Speaking to Pentagon reporters by video conference from Iraq, Gaskin said coalition efforts "have turned the corner ... broken the cycle of violence in Anbar." But, he added, "you cannot buy nor can you fast-forward experience. It has to be worked out."
The point was driven home by Gen. James Conway, commandant of the Marine Corps, who said in an address Friday at the National Press Club that a premature withdrawal could fuel Islamic extremists, spread terrorism and force the U.S. back into the fight.
"If you lose the first battles of a long war, the war gets tougher. If you win the first battles, you've got momentum on your side, and, guess what, the war is shorter," said Conway. "My concern is if we prematurely move, we're going to be going back. ... I tend to think it's better to get it done the first time."
Lynch, in an interview with two reporters who traveled with him by helicopter to visit troops south and west of Baghdad, said he had projected in March, when he arrived as part of the troop buildup, that it would take him about 15 months to accomplish his mission, which would be summer 2008.
He expressed concern at the growing pressure in Washington to decide by September whether the troop buildup is working and to plan for an early start to withdrawing all combat troops.
Under Lynch's command are two of the five Army brigades that Bush ordered to the Baghdad area in January as part of a revised counterinsurgency strategy. The three other brigades are in Baghdad and a volatile province northeast of the capital with the purpose of securing the civilian population.
Officials hope that reduced levels of sectarian violence will give Sunni and Shiite leaders an opportunity to create a government of true national unity.
Lynch said Iraqi security forces are not close to being ready to take over for the American troops. So if the extra U.S. troops that were brought in this year are to be sent home in coming months, the insurgents — both Sunni and Shiite extremist groups — will regain control, he said.
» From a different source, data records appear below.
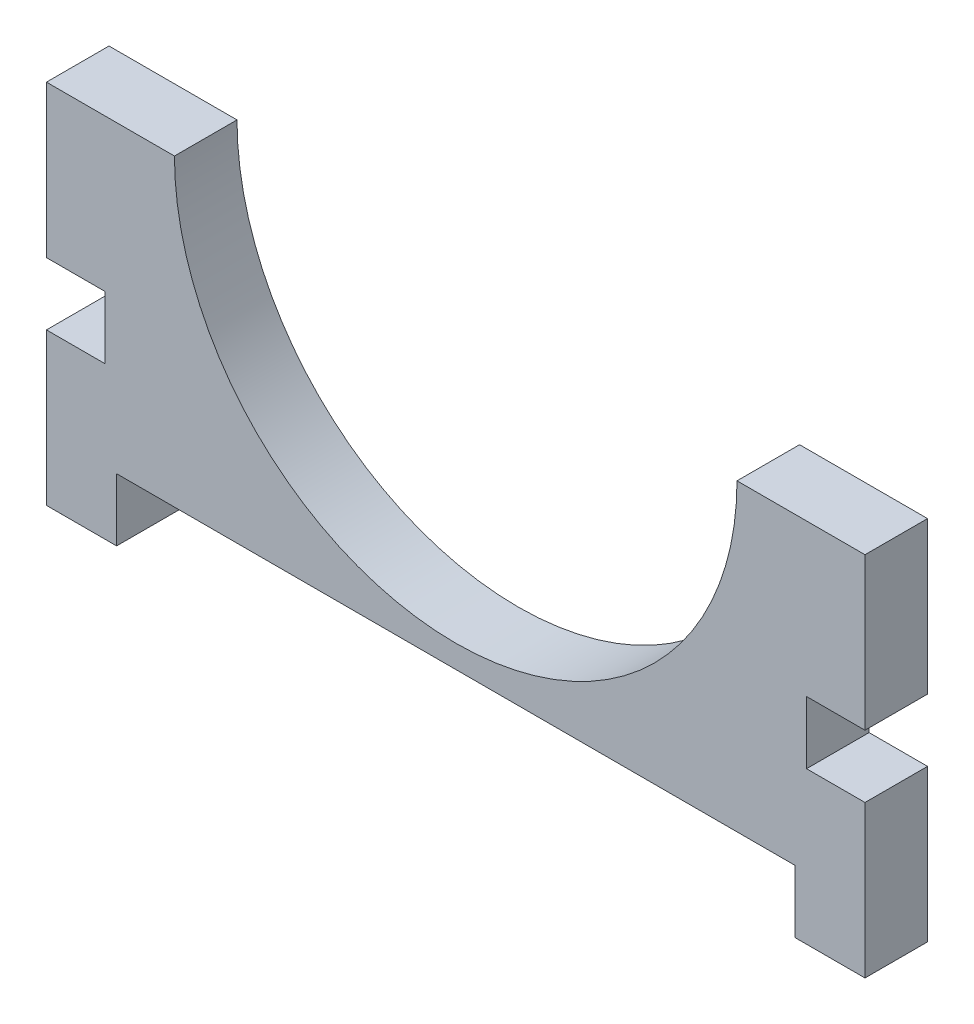
ISO-10303-21;
HEADER;
FILE_DESCRIPTION(('STEP AP214'),'2;1');
FILE_NAME('part.step','',(''),(''),'','','');
FILE_SCHEMA(('AUTOMOTIVE_DESIGN { 1 0 10303 214 1 1 1 1 }'));
ENDSEC;
DATA;
#1=APPLICATION_CONTEXT('core data for automotive mechanical design processes');
#2=APPLICATION_PROTOCOL_DEFINITION('international standard','automotive_design',2000,#1);
#3=PRODUCT_CONTEXT('',#1,'mechanical');
#4=PRODUCT('Part','Part','',(#3));
#5=PRODUCT_RELATED_PRODUCT_CATEGORY('part','',(#4));
#6=PRODUCT_DEFINITION_FORMATION('','',#4);
#7=PRODUCT_DEFINITION_CONTEXT('part definition',#1,'design');
#8=PRODUCT_DEFINITION('design','',#6,#7);
#9=PRODUCT_DEFINITION_SHAPE('','',#8);
#10=(LENGTH_UNIT() NAMED_UNIT(*) SI_UNIT(.MILLI.,.METRE.));
#11=(NAMED_UNIT(*) PLANE_ANGLE_UNIT() SI_UNIT($,.RADIAN.));
#12=(NAMED_UNIT(*) SI_UNIT($,.STERADIAN.) SOLID_ANGLE_UNIT());
#13=UNCERTAINTY_MEASURE_WITH_UNIT(LENGTH_MEASURE(1.E-05),#10,'distance_accuracy_value','');
#14=(GEOMETRIC_REPRESENTATION_CONTEXT(3) GLOBAL_UNCERTAINTY_ASSIGNED_CONTEXT((#13)) GLOBAL_UNIT_ASSIGNED_CONTEXT((#10,
#11,#12)) REPRESENTATION_CONTEXT('',''));
#15=CARTESIAN_POINT('',(0.,0.,0.));
#16=DIRECTION('',(0.,0.,1.));
#17=DIRECTION('',(1.,0.,0.));
#18=AXIS2_PLACEMENT_3D('',#15,#16,#17);
#19=CARTESIAN_POINT('',(35.0000001489995,31.3500016928003,5.35));
#20=DIRECTION('',(0.,0.,-1.));
#21=DIRECTION('',(-1.,0.,0.));
#22=AXIS2_PLACEMENT_3D('',#19,#20,#21);
#23=CYLINDRICAL_SURFACE('',#22,24.0550003945997);
#24=CARTESIAN_POINT('',(35.0000001489995,31.3500016928003,0.));
#25=DIRECTION('',(0.,0.,-1.));
#26=DIRECTION('',(1.,0.,0.));
#27=AXIS2_PLACEMENT_3D('',#24,#25,#26);
#28=CIRCLE('',#27,24.0550003945997);
#29=CARTESIAN_POINT('',(59.0550005435992,31.3500016928002,0.));
#30=VERTEX_POINT('',#29);
#31=CARTESIAN_POINT('',(10.9449997543998,31.3500016927999,0.));
#32=VERTEX_POINT('',#31);
#33=EDGE_CURVE('E189',#30,#32,#28,.T.);
#34=ORIENTED_EDGE('',*,*,#33,.T.);
#35=DIRECTION('',(0.,0.,-1.));
#36=VECTOR('',#35,1.);
#37=CARTESIAN_POINT('',(10.9449997543998,31.3500016927999,5.35));
#38=LINE('',#37,#36);
#39=CARTESIAN_POINT('',(10.9449997543998,31.3500016927999,5.35));
#40=VERTEX_POINT('',#39);
#41=EDGE_CURVE('E11',#40,#32,#38,.T.);
#42=ORIENTED_EDGE('',*,*,#41,.F.);
#43=CARTESIAN_POINT('',(35.0000001489995,31.3500016928003,5.35));
#44=DIRECTION('',(0.,0.,-1.));
#45=DIRECTION('',(1.,0.,0.));
#46=AXIS2_PLACEMENT_3D('',#43,#44,#45);
#47=CIRCLE('',#46,24.0550003945997);
#48=CARTESIAN_POINT('',(59.0550005435992,31.3500016928002,5.35));
#49=VERTEX_POINT('',#48);
#50=EDGE_CURVE('E223',#49,#40,#47,.T.);
#51=ORIENTED_EDGE('',*,*,#50,.F.);
#52=DIRECTION('',(0.,0.,-1.));
#53=VECTOR('',#52,1.);
#54=CARTESIAN_POINT('',(59.0550005435992,31.3500016928002,5.35));
#55=LINE('',#54,#53);
#56=EDGE_CURVE('E185',#49,#30,#55,.T.);
#57=ORIENTED_EDGE('',*,*,#56,.T.);
#58=EDGE_LOOP('',(#34,#42,#51,#57));
#59=FACE_BOUND('',#58,.T.);
#60=ADVANCED_FACE('F33',(#59),#23,.F.);
#61=CARTESIAN_POINT('',(10.9449997543998,31.3500016927999,5.35));
#62=DIRECTION('',(0.,-1.,0.));
#63=DIRECTION('',(0.,0.,-1.));
#64=AXIS2_PLACEMENT_3D('',#61,#62,#63);
#65=PLANE('',#64);
#66=DIRECTION('',(-1.,0.,0.));
#67=VECTOR('',#66,1.);
#68=CARTESIAN_POINT('',(10.9449997543998,31.3500016927999,0.));
#69=LINE('',#68,#67);
#70=CARTESIAN_POINT('',(-2.77555756156289E-13,31.3500016927999,0.));
#71=VERTEX_POINT('',#70);
#72=EDGE_CURVE('E192',#32,#71,#69,.T.);
#73=ORIENTED_EDGE('',*,*,#72,.T.);
#74=DIRECTION('',(0.,0.,-1.));
#75=VECTOR('',#74,1.);
#76=CARTESIAN_POINT('',(-2.77555756156289E-13,31.3500016927999,5.35));
#77=LINE('',#76,#75);
#78=CARTESIAN_POINT('',(-2.77555756156289E-13,31.3500016927999,5.35));
#79=VERTEX_POINT('',#78);
#80=EDGE_CURVE('E41',#79,#71,#77,.T.);
#81=ORIENTED_EDGE('',*,*,#80,.F.);
#82=DIRECTION('',(-1.,0.,0.));
#83=VECTOR('',#82,1.);
#84=CARTESIAN_POINT('',(10.9449997543998,31.3500016927999,5.35));
#85=LINE('',#84,#83);
#86=EDGE_CURVE('E122',#40,#79,#85,.T.);
#87=ORIENTED_EDGE('',*,*,#86,.F.);
#88=ORIENTED_EDGE('',*,*,#41,.T.);
#89=EDGE_LOOP('',(#73,#81,#87,#88));
#90=FACE_BOUND('',#89,.T.);
#91=ADVANCED_FACE('F331',(#90),#65,.F.);
#92=CARTESIAN_POINT('',(-2.77555756156289E-13,31.3500016927999,5.35));
#93=DIRECTION('',(1.,0.,0.));
#94=DIRECTION('',(0.,0.,-1.));
#95=AXIS2_PLACEMENT_3D('',#92,#93,#94);
#96=PLANE('',#95);
#97=DIRECTION('',(0.,-1.,0.));
#98=VECTOR('',#97,1.);
#99=CARTESIAN_POINT('',(-2.77555756156289E-13,31.3500016927999,0.));
#100=LINE('',#99,#98);
#101=CARTESIAN_POINT('',(-2.77555756156289E-13,18.3499995619001,0.));
#102=VERTEX_POINT('',#101);
#103=EDGE_CURVE('E194',#71,#102,#100,.T.);
#104=ORIENTED_EDGE('',*,*,#103,.T.);
#105=DIRECTION('',(0.,0.,-1.));
#106=VECTOR('',#105,1.);
#107=CARTESIAN_POINT('',(-2.77555756156289E-13,18.3499995619001,5.35));
#108=LINE('',#107,#106);
#109=CARTESIAN_POINT('',(-2.77555756156289E-13,18.3499995619001,5.35));
#110=VERTEX_POINT('',#109);
#111=EDGE_CURVE('E260',#110,#102,#108,.T.);
#112=ORIENTED_EDGE('',*,*,#111,.F.);
#113=DIRECTION('',(0.,-1.,0.));
#114=VECTOR('',#113,1.);
#115=CARTESIAN_POINT('',(-2.77555756156289E-13,31.3500016927999,5.35));
#116=LINE('',#115,#114);
#117=EDGE_CURVE('E268',#79,#110,#116,.T.);
#118=ORIENTED_EDGE('',*,*,#117,.F.);
#119=ORIENTED_EDGE('',*,*,#80,.T.);
#120=EDGE_LOOP('',(#104,#112,#118,#119));
#121=FACE_BOUND('',#120,.T.);
#122=ADVANCED_FACE('F266',(#121),#96,.F.);
#123=CARTESIAN_POINT('',(-2.77555756156289E-13,18.3499995619001,5.35));
#124=DIRECTION('',(0.,1.,0.));
#125=DIRECTION('',(0.,0.,1.));
#126=AXIS2_PLACEMENT_3D('',#123,#124,#125);
#127=PLANE('',#126);
#128=DIRECTION('',(1.,0.,0.));
#129=VECTOR('',#128,1.);
#130=CARTESIAN_POINT('',(-2.77555756156289E-13,18.3499995619001,0.));
#131=LINE('',#130,#129);
#132=CARTESIAN_POINT('',(4.99999988819977,18.3499995619001,0.));
#133=VERTEX_POINT('',#132);
#134=EDGE_CURVE('E196',#102,#133,#131,.T.);
#135=ORIENTED_EDGE('',*,*,#134,.T.);
#136=DIRECTION('',(0.,0.,-1.));
#137=VECTOR('',#136,1.);
#138=CARTESIAN_POINT('',(4.99999988819977,18.3499995619001,5.35));
#139=LINE('',#138,#137);
#140=CARTESIAN_POINT('',(4.99999988819977,18.3499995619001,5.35));
#141=VERTEX_POINT('',#140);
#142=EDGE_CURVE('E257',#141,#133,#139,.T.);
#143=ORIENTED_EDGE('',*,*,#142,.F.);
#144=DIRECTION('',(1.,0.,0.));
#145=VECTOR('',#144,1.);
#146=CARTESIAN_POINT('',(-2.77555756156289E-13,18.3499995619001,5.35));
#147=LINE('',#146,#145);
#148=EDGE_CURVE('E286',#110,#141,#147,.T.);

"To me, it would be wrong to take ground from the enemy at a cost — I've lost 80 soldiers under my command, 56 of those since the fourth of April — it would be wrong to have fought and won that terrain, only to turn around and give it back," he said.
Lynch said there is a substantial risk that al-Qaida in Iraq, a mostly Iraqi Sunni extremist group, will try to launch a mass-casualty attack on one of the 29 small U.S. patrol bases south of Baghdad in hopes of influencing the political debate in Washington.
"We've got him on the run," Lynch said, referring to the insurgents. "Some people say we've got him on the ropes. I don't believe that. But I believe we've got him on the run."
Lynch also said the Iraqi government needs to put about seven more Iraqi army battalions and about five more Iraqi police battalions in his area in order to provide the security now provided by U.S. forces.
Ultimately, he said, success or failure will be determined by the Iraqis themselves, and the outcome will not come quickly.
"This is Iraq. Everything takes time," he said.
____
Baldor reported from Washington. Associated Press writer Pauline Jelinek, also in Washington, contributed to this report.